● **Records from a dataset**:
═══

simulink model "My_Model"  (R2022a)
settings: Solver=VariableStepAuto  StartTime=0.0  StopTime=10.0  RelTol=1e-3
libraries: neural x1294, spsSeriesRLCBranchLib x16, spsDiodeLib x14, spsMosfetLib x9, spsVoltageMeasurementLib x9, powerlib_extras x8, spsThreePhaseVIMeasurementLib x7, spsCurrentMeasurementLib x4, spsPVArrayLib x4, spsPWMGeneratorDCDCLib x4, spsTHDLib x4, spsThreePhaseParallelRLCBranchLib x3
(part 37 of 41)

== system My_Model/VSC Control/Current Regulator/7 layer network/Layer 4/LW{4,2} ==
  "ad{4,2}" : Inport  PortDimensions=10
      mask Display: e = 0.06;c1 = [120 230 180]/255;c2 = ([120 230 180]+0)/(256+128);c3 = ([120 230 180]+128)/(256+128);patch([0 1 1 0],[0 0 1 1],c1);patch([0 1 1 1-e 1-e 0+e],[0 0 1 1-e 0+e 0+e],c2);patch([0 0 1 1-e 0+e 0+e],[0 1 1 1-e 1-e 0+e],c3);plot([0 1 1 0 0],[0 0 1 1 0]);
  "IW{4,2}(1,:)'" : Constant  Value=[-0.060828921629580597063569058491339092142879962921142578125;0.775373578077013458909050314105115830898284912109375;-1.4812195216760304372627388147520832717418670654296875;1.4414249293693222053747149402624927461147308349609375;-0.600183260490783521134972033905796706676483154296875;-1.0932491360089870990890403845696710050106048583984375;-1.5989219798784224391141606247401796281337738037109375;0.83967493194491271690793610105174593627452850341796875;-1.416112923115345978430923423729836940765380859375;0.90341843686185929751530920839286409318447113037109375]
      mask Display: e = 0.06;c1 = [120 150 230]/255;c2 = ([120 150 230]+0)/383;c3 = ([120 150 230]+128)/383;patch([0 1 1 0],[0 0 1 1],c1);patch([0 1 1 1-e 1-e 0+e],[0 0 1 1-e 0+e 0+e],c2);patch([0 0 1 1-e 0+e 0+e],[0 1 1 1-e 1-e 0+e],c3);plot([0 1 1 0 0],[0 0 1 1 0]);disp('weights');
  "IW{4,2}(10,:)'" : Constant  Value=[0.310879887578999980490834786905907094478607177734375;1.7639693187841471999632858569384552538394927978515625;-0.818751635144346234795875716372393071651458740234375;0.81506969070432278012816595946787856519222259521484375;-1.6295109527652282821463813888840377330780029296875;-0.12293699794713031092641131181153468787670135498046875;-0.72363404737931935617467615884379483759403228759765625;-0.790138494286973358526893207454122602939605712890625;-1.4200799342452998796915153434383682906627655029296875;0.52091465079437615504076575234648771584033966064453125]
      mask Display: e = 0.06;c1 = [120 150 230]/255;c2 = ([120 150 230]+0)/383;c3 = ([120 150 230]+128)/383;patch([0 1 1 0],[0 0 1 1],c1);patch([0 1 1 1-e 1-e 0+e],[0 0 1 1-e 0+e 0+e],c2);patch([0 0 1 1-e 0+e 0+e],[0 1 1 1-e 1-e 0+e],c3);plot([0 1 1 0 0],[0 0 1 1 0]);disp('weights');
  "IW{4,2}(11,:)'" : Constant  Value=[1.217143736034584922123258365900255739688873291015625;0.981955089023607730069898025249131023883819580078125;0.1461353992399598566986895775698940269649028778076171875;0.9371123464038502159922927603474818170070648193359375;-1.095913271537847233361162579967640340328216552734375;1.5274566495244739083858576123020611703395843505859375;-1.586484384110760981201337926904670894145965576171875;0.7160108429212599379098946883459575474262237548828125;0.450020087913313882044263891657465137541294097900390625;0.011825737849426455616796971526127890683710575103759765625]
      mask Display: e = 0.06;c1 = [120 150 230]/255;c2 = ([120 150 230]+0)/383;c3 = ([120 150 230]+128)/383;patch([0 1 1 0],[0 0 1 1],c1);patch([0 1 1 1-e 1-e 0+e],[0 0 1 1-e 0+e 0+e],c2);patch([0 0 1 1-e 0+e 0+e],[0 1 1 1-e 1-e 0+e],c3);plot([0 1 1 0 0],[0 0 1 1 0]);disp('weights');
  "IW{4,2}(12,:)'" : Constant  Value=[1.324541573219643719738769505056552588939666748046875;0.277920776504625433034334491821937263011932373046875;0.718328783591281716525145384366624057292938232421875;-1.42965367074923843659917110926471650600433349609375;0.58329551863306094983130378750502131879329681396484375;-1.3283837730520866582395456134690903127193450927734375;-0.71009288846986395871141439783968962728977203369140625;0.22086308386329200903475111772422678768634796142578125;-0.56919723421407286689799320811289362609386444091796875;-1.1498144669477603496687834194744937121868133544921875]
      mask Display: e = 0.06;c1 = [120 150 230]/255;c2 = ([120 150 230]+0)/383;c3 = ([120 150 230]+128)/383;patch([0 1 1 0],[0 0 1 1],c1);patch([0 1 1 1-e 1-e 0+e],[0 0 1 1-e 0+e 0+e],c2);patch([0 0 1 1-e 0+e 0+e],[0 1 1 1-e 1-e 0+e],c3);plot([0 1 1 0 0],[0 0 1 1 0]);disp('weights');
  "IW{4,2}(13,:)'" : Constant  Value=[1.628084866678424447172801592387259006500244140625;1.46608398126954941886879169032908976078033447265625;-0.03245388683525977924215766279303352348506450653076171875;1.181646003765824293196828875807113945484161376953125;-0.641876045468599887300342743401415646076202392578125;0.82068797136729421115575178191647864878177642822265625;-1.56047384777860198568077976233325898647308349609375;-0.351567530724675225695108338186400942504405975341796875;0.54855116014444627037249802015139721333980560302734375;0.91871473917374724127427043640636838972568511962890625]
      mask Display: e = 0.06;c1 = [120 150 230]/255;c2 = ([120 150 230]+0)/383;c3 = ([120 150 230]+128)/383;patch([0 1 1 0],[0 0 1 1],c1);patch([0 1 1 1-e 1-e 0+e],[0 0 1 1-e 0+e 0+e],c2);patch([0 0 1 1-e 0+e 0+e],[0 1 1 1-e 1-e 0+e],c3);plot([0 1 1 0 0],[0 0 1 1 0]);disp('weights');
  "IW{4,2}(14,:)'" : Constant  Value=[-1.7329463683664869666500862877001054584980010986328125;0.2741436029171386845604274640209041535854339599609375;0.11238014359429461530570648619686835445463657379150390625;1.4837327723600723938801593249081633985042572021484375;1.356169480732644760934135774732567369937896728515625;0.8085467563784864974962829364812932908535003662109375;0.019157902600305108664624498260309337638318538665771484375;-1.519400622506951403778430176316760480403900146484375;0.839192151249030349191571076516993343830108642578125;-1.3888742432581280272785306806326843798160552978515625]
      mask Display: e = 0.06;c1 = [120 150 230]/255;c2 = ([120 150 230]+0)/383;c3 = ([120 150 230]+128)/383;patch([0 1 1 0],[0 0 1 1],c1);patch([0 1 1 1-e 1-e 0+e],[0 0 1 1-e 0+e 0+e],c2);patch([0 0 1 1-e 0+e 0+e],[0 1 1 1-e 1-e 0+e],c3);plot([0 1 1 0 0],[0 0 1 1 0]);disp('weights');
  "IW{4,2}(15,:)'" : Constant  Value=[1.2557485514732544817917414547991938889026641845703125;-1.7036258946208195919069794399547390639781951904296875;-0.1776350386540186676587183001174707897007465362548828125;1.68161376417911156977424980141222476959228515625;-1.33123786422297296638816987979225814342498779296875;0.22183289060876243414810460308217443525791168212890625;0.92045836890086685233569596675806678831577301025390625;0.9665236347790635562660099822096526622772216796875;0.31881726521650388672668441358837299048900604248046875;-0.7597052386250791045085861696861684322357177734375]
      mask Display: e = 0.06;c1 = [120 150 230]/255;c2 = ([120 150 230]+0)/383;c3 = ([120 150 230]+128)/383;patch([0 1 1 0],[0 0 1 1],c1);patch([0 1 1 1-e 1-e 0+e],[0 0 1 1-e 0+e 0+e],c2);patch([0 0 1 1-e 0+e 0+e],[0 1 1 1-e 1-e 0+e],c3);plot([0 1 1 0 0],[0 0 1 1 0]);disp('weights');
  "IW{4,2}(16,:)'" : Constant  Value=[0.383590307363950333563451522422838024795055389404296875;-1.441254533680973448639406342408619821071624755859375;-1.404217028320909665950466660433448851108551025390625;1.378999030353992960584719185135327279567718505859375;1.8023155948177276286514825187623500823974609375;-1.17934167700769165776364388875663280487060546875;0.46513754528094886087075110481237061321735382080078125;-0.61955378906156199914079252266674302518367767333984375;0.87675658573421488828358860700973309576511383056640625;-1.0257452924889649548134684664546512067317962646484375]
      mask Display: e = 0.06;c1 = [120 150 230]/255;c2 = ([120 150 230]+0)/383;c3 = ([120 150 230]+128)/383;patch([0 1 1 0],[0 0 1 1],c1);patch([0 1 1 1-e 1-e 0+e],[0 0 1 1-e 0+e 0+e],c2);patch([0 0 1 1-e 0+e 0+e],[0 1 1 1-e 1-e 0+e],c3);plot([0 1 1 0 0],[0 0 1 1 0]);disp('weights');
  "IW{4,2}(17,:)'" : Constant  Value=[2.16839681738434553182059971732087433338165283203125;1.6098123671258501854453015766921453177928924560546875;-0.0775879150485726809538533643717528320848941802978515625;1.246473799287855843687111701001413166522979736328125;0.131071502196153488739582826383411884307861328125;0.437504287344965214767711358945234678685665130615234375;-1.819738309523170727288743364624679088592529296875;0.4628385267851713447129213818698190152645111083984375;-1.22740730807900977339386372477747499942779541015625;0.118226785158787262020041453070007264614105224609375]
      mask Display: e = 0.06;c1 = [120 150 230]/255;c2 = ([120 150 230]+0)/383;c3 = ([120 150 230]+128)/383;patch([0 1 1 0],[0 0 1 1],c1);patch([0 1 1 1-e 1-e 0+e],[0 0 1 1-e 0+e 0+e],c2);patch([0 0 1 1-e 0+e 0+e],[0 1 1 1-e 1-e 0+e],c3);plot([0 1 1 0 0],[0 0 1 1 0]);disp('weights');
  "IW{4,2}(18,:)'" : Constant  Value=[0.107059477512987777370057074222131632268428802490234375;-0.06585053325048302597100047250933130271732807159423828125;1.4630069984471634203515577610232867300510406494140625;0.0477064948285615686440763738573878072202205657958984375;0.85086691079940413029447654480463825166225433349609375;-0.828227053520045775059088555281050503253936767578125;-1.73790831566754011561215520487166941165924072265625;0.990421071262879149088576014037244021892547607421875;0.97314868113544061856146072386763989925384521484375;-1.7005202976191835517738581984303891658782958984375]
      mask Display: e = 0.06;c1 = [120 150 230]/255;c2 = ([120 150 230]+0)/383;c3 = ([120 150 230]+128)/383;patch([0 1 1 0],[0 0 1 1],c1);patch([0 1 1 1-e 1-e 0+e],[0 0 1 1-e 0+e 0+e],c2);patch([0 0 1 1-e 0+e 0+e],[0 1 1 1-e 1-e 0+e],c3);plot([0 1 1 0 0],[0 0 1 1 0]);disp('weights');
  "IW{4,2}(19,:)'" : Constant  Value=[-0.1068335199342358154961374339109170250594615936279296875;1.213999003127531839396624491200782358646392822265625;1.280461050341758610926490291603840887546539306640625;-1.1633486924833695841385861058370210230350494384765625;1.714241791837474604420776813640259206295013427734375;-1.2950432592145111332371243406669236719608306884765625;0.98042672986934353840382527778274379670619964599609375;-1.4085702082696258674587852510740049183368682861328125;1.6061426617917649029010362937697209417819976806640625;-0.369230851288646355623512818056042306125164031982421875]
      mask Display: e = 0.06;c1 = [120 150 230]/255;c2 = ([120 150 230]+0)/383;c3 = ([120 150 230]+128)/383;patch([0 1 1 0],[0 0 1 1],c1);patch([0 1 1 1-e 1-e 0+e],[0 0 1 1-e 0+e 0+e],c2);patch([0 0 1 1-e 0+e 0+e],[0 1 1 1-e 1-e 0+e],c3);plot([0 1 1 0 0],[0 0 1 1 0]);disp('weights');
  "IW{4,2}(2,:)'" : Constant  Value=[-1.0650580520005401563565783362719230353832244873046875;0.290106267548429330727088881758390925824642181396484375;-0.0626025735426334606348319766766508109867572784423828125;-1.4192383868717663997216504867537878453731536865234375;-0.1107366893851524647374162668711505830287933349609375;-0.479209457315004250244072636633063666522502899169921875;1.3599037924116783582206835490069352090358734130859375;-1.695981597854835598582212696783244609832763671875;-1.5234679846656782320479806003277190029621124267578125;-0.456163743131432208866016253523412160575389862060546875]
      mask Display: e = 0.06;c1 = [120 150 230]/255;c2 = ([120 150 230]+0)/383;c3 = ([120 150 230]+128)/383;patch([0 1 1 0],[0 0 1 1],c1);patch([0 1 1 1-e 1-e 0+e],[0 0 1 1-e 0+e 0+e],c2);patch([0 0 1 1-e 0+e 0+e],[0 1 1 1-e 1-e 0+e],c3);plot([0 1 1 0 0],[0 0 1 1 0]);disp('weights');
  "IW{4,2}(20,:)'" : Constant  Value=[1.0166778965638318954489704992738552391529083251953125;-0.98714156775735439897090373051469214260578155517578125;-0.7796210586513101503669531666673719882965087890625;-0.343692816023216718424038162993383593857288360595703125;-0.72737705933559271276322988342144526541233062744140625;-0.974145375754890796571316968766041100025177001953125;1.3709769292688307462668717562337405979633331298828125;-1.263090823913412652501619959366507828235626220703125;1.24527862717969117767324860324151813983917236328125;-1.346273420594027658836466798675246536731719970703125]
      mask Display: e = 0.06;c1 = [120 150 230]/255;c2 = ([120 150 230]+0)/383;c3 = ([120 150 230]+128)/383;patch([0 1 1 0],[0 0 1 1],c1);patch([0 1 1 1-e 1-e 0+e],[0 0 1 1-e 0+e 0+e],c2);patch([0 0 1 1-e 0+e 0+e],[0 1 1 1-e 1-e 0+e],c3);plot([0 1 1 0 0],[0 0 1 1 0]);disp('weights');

═══

● **YOUR TASK**:
Using the records above, set down exactly the lines from the one with "system My_Model/VSC Control/Current" through the one with "mask Display: e = 0.06;c1 = [120 230", inclusive, and nothing more.

● **FINISHED EXERCISE**:
== system My_Model/VSC Control/Current Regulator/7 layer network/Layer 4/LW{4,2} ==
  "ad{4,2}" : Inport  PortDimensions=10
      mask Display: e = 0.06;c1 = [120 230 180]/255;c2 = ([120 230 180]+0)/(256+128);c3 = ([120 230 180]+128)/(256+128);patch([0 1 1 0],[0 0 1 1],c1);patch([0 1 1 1-e 1-e 0+e],[0 0 1 1-e 0+e 0+e],c2);patch([0 0 1 1-e 0+e 0+e],[0 1 1 1-e 1-e 0+e],c3);plot([0 1 1 0 0],[0 0 1 1 0]);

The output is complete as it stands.